Wartość łączenia wielu dyscyplin lub pracy na ich styku polega na tym, że każda z nich wnosi do dyskusji unikalny i odrębny zestaw narzędzi i podejść. Dyscypliny pozostają ważne, ponieważ, jak zdaliśmy sobie sprawę już dawno temu, szkolenie ludzi jako naukowców renesansu – jako jednostek, które wiedzą wszystko i mogą zrobić wszystko – nie jest opłacalne. Zbyt wiele musi być znane i utrzymane w każdym obszarze nauki, aby jednostka mogła osiągnąć wysoki stopień umiejętności w więcej niż jednym (lub może dwóch).
Wyzwanie, jak sądzę, polega na szkoleniu solidnych naukowców dyscyplinowych, tak aby byli zdolni do pracy z kolegami z innych dziedzin. Kiedy problemy wymagają pracy w poprzek, pomiędzy i poza dyscyplinami, naukowcy powinni być gotowi, chętni i zdolni. Wiem, że to zwiększa obciążenie szkoleniowe, ale nauczenie się, jak grać w większej piaskownicy będzie ważne dla przyszłości naszej dyscypliny.

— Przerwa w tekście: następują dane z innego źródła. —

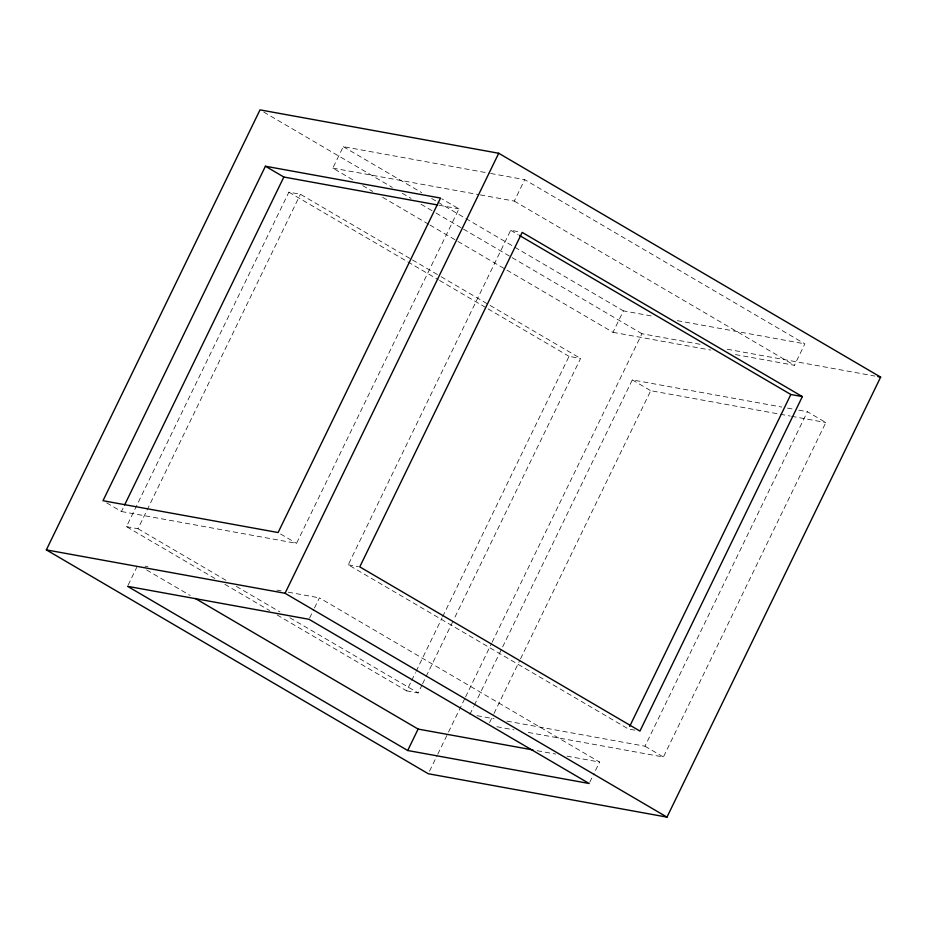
<?xml version="1.0" encoding="UTF-8"?>
<svg xmlns="http://www.w3.org/2000/svg" width="927" height="927" viewBox="0 0 927 927"><rect width="100%" height="100%" fill="white"/><g stroke="black" fill="none" stroke-linecap="round" stroke-linejoin="round"><path stroke-width="0.7" stroke-dasharray="4.63 3.48" d="M106.686 502.874L121.437 511.519L123.963 506.316M214.879 578.46L126.466 526.652L288.888 192.156L300.406 194.253L411.229 259.201M126.466 526.652L137.996 528.738L300.406 194.253M128.158 585.053L136.721 567.394M352.747 179.78L332.828 168.111L343.245 146.663L489.259 173.21M121.437 511.519L296.536 543.349L458.946 208.853L441.75 198.772M309.606 618.031L313.894 609.201M314.508 607.938L319.409 597.857L599.572 762.052L594.671 772.145M480.267 194.902L514.288 201.089L524.705 179.653L804.856 343.859L794.451 365.296L733.489 354.218M634.821 730.152L628.413 728.981L348.251 564.775L510.673 230.29L520.916 232.156M277.138 614.949L406.629 690.858L411.055 681.739M411.692 680.441L415.481 672.631M416.107 671.333L442.028 617.973M442.654 616.664L569.051 356.362L580.569 358.459L453.546 620.059M406.629 690.858L418.147 692.944L421.947 685.134M422.573 683.836L452.909 621.368M429.954 225.029L612.99 332.318L623.408 310.869L651.751 316.026M429.549 771.137L437.138 755.517M437.764 754.207L447.88 733.384M448.506 732.087L464.948 698.24M465.574 696.93L491.495 643.558M492.133 642.26L641.947 333.72L701.623 344.577M469.873 714.381L473.674 706.571M474.3 705.273L632.295 379.896L781.774 407.057M489.572 722.585L493.361 714.775M493.998 713.466L519.908 660.105M520.545 658.807L650.731 390.696L778.854 413.987M589.769 782.237L594.056 773.408M506.895 721.113L644.972 746.212L807.394 411.715L825.83 422.527L663.408 757.011L526.745 732.168M490.673 173.465L524.705 179.653M332.828 168.111L478.842 194.647M439.016 205.238L458.946 208.853M677.278 320.661L804.856 343.859M727.197 349.224L874.972 376.084M612.99 332.318L710.812 350.093M787.463 408.1L793.164 409.131M798.854 410.163L807.394 411.715M780.267 414.242L790.233 416.049M791.658 416.316L825.83 422.527M348.251 564.775L358.494 566.64M145.041 566.154L147.88 566.675M276.883 590.117L281.136 590.893M288.227 592.179L319.409 597.857M476.999 715.679L494.079 718.784M496.849 726.733L513.929 729.839M537.197 750.719L555.621 754.068M566.965 756.131L599.572 762.052M514.288 201.089L794.451 365.296M510.673 230.29L518.147 234.67M343.245 146.663L421.681 192.642M431.646 198.482L436.629 201.402M437.868 202.132L623.408 310.869M263.755 112.063L392.318 187.416M402.295 193.268L411.032 198.39M421.02 204.241L434.751 212.283M436.003 213.025L462.214 228.378M463.454 229.108L510.893 256.906M512.133 257.648L641.947 333.72M362.712 185.62L372.677 191.46M382.631 197.3L428.703 224.299M632.295 379.896L650.731 390.696M412.469 259.931L439.861 275.991M441.113 276.721L580.569 358.459M288.888 192.156L438.309 279.734M439.549 280.464L486.872 308.193M488.112 308.923L569.051 356.362M644.972 746.212L663.408 757.011M280.557 533.987L296.536 543.349M137.996 528.738L226.397 580.557M236.362 586.397L279.942 611.936M289.896 617.776L418.147 692.944M224.844 584.3L269.664 610.58M146.663 569.978L190.244 595.516"/><path stroke-width="1.39" d="M46.35 549.885L260.012 109.873L498.714 153.256L880.65 377.115L666.988 817.127L428.286 773.744L46.35 549.885L285.053 593.28L666.988 817.127M265.423 166.223L103.001 500.719L278.1 532.538L440.522 198.054L265.423 166.223L283.847 177.034L437.602 204.971M124.589 505.006L283.847 177.034M285.053 593.28L498.714 153.256M407.706 750.511L589.155 783.5L309.004 619.294L127.544 586.316L407.706 750.511L418.112 729.074L532.944 749.943M629.676 726.386L790.835 394.496L802.353 396.594L639.943 731.079L359.78 566.872L522.191 232.387L802.353 396.594M877.811 376.594L880.65 377.115M519.387 235.4L790.835 394.496M195.226 598.436L418.112 729.074"/></g></svg>

Jednakże, musimy zawsze trzymać w centrum naszej uwagi odrębne dyscypliny. Musimy je rozpoznawać, pielęgnować, wspierać i celebrować. Nasza przyszłość może rzeczywiście zależeć od dogadywania się z innymi, ale nigdzie nie dojdziemy, jeśli stracimy zdolność jednostek do stawania się ekspertami w wybranych przez siebie dyscyplinach.